[Assignment] Where the line with "6. HbThumbMetacarpalPhalanxCover02ForChild_MIR1:1 —" appears below, start writing out lines exactly, and finish with the line with "- 挿入:1 [Insert]: HbThumbMetacarpalPhalanx02ForChild_MIR1:1", which is included; write out nothing else.

Given data Start Marker

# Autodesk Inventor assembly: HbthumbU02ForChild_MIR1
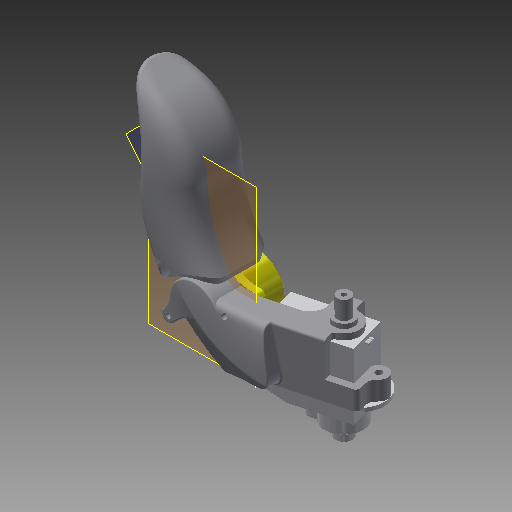
[picture p0: Inventor's stored thumbnail of the model, 512x512]
Saved by Autodesk Inventor 2017.3 (Build 213256000, 256)
## iProperties
Part Number: HbthumbU02ForChild_MIR1
Material: 一般
Document SubType Name: Assembly
Designer: sktom
Author: sktom
## Documents named in this file (8)
- D:\CloudStrage\OneDrive\CAD\MAJ\hackberry\HACKberry-hardware\3D_69%inlength\Inventor\HbHandForChild\HbthumbU02ForChild\HbthumbU02ForChild_MIR1.iam
- D:\CloudStrage\OneDrive\CAD\MAJ\hackberry\HACKberry-hardware\3D_69%inlength\Inventor\HbHandForChild\HbthumbU02ForChild\HbThumbMetacarpalPhalanx02ForChild_MIR1.ipt
- D:\CloudStrage\OneDrive\CAD\MAJ\hackberry\HACKberry-hardware\3D_69%inlength\Inventor\HbHandForChild\HbthumbU02ForChild\HbThumbLockButton01ForChild_MIR1.ipt
- D:\CloudStrage\OneDrive\CAD\MAJ\hackberry\HACKberry-hardware\3D_69%inlength\Inventor\HbHandForChild\HbthumbU02ForChild\HbThumbJointHolder01ForChild_MIR1.ipt
- D:\CloudStrage\OneDrive\CAD\MAJ\hackberry\HACKberry-hardware\3D_69%inlength\Inventor\HbHandForChild\HbthumbU02ForChild\HbThumbProximalPhalanx02ForChild_MIR1.ipt
- D:\CloudStrage\OneDrive\CAD\MAJ\hackberry\HACKberry-hardware\3D_69%inlength\Inventor\HbHandForChild\HbthumbU02ForChild\HbThumbProximalPhalanxBase02ForChild_MIR1.ipt
- D:\CloudStrage\OneDrive\CAD\MAJ\hackberry\HACKberry-hardware\3D_69%inlength\Inventor\HbHandForChild\HbthumbU02ForChild\HbThumbMetacarpalPhalanxCover02ForChild_MIR1.ipt
- D:\CloudStrage\OneDrive\CAD\MAJ\hackberry\HACKberry-hardware\3D_69%inlength\Inventor\HbHandForChild\HbthumbU02ForChild\HbServoHK282A\Servo_HK282A_MIR1.ipt
## Components (7 placed, 7 different names)
1. HbThumbMetacarpalPhalanx02ForChild_MIR1:1 — 挿入:3, 挿入:2, 挿入:1, 挿入:8, 挿入:7
2. HbThumbLockButton01ForChild_MIR1:1 — 挿入:3
3. HbThumbJointHolder01ForChild_MIR1:1 — 挿入:2, 挿入:1, 挿入:4, 挿入:6
4. HbThumbProximalPhalanx02ForChild_MIR1:1 — 挿入:5
5. HbThumbProximalPhalanxBase02ForChild_MIR1:1 — 挿入:5, 挿入:4
6. HbThumbMetacarpalPhalanxCover02ForChild_MIR1:1 — 挿入:6
7. Servo_HK282A_MIR1:1 — 挿入:8, 挿入:7
## Relationships (8: Insert 8)
- 挿入:3 [Insert] (2 mm): HbThumbMetacarpalPhalanx02ForChild_MIR1:1 ↔ HbThumbLockButton01ForChild_MIR1:1
- 挿入:2 [Insert]: HbThumbMetacarpalPhalanx02ForChild_MIR1:1 ↔ HbThumbJointHolder01ForChild_MIR1:1
- 挿入:1 [Insert]: HbThumbMetacarpalPhalanx02ForChild_MIR1:1 ↔ HbThumbJointHolder01ForChild_MIR1:1
- 挿入:5 [Insert] (0.2 mm): HbThumbProximalPhalanx02ForChild_MIR1:1 ↔ HbThumbProximalPhalanxBase02ForChild_MIR1:1
- 挿入:4 [Insert]: HbThumbJointHolder01ForChild_MIR1:1 ↔ HbThumbProximalPhalanxBase02ForChild_MIR1:1
- 挿入:6 [Insert]: HbThumbJointHolder01ForChild_MIR1:1 ↔ HbThumbMetacarpalPhalanxCover02ForChild_MIR1:1
- 挿入:8 [Insert]: HbThumbMetacarpalPhalanx02ForChild_MIR1:1 ↔ Servo_HK282A_MIR1:1
- 挿入:7 [Insert]: HbThumbMetacarpalPhalanx02ForChild_MIR1:1 ↔ Servo_HK282A_MIR1:1

Given data End Marker

[Solution for this exercise]
6. HbThumbMetacarpalPhalanxCover02ForChild_MIR1:1 — 挿入:6
7. Servo_HK282A_MIR1:1 — 挿入:8, 挿入:7
## Relationships (8: Insert 8)
- 挿入:3 [Insert] (2 mm): HbThumbMetacarpalPhalanx02ForChild_MIR1:1 ↔ HbThumbLockButton01ForChild_MIR1:1
- 挿入:2 [Insert]: HbThumbMetacarpalPhalanx02ForChild_MIR1:1 ↔ HbThumbJointHolder01ForChild_MIR1:1
- 挿入:1 [Insert]: HbThumbMetacarpalPhalanx02ForChild_MIR1:1 ↔ HbThumbJointHolder01ForChild_MIR1:1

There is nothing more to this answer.